Data entries:
━━━━━━━━━━━━━━━━━━━━━━━━━━━━━━

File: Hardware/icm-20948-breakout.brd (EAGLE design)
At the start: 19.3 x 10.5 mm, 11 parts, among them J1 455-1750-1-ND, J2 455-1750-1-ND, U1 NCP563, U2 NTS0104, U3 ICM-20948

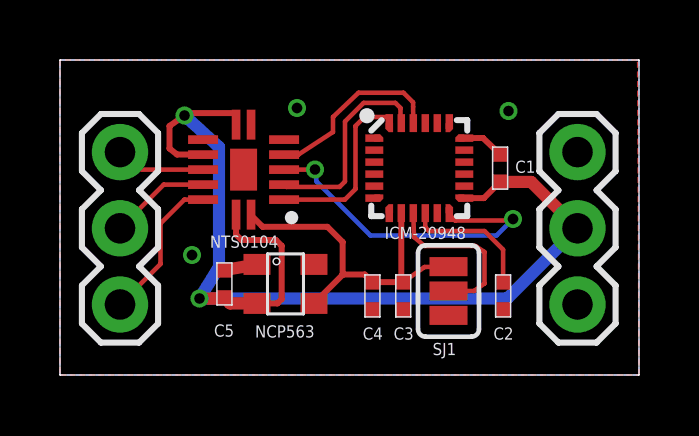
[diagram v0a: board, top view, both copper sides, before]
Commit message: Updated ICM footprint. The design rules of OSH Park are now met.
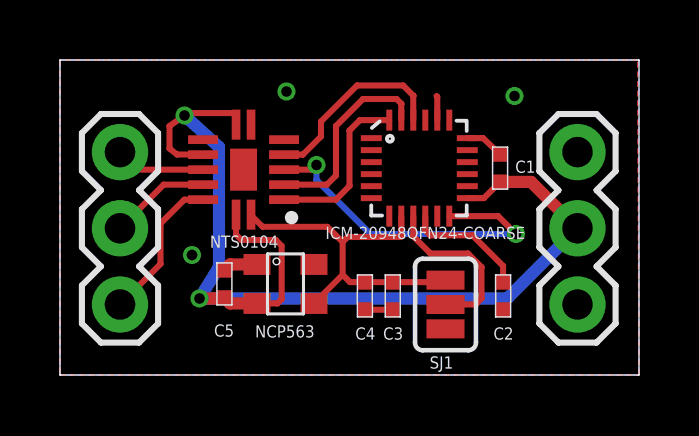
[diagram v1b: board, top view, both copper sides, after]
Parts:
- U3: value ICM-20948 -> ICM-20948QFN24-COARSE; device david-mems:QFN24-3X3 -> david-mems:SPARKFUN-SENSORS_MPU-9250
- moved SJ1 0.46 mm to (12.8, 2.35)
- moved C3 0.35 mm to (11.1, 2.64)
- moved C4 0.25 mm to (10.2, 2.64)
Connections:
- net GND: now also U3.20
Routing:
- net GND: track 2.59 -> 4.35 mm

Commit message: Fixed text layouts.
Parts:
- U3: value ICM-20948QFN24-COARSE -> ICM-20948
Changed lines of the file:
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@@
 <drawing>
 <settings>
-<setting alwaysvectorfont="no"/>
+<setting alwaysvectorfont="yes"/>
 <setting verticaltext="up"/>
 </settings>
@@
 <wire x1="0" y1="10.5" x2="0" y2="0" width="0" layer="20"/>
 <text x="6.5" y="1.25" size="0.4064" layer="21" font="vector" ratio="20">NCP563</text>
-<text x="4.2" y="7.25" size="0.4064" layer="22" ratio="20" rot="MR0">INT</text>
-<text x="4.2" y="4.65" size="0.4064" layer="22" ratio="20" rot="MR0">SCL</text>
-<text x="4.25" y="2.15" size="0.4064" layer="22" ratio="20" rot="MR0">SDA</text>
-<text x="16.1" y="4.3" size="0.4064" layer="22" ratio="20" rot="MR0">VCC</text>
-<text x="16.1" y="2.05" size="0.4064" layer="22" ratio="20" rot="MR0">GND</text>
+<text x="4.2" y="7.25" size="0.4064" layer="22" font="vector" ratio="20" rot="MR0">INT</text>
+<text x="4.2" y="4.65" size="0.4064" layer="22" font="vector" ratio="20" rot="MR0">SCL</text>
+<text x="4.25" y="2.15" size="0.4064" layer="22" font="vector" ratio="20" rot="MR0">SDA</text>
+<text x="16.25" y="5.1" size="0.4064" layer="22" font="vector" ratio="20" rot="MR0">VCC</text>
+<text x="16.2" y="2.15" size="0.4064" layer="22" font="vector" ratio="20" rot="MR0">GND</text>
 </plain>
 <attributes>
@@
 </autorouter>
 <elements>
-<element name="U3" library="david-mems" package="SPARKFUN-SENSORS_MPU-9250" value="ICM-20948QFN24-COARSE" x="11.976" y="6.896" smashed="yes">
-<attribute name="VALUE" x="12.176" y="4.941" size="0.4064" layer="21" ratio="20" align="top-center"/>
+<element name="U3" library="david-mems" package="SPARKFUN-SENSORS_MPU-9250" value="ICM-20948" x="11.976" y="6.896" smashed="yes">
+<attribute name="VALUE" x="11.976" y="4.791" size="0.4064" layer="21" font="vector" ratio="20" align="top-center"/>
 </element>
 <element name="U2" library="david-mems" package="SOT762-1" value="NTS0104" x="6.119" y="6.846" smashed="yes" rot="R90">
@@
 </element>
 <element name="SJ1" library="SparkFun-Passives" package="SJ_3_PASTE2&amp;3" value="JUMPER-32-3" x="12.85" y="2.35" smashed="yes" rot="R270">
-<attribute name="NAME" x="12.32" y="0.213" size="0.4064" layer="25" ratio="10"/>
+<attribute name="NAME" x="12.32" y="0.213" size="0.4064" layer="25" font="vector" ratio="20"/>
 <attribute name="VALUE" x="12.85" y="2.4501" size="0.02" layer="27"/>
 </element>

━━━━━━━━━━━━━━━━━━━━━━━━━━━━━━

__What this task involves__. Could you work out how many lines above contain the string "align"? Answer with the number only.

__Response to this task__. 2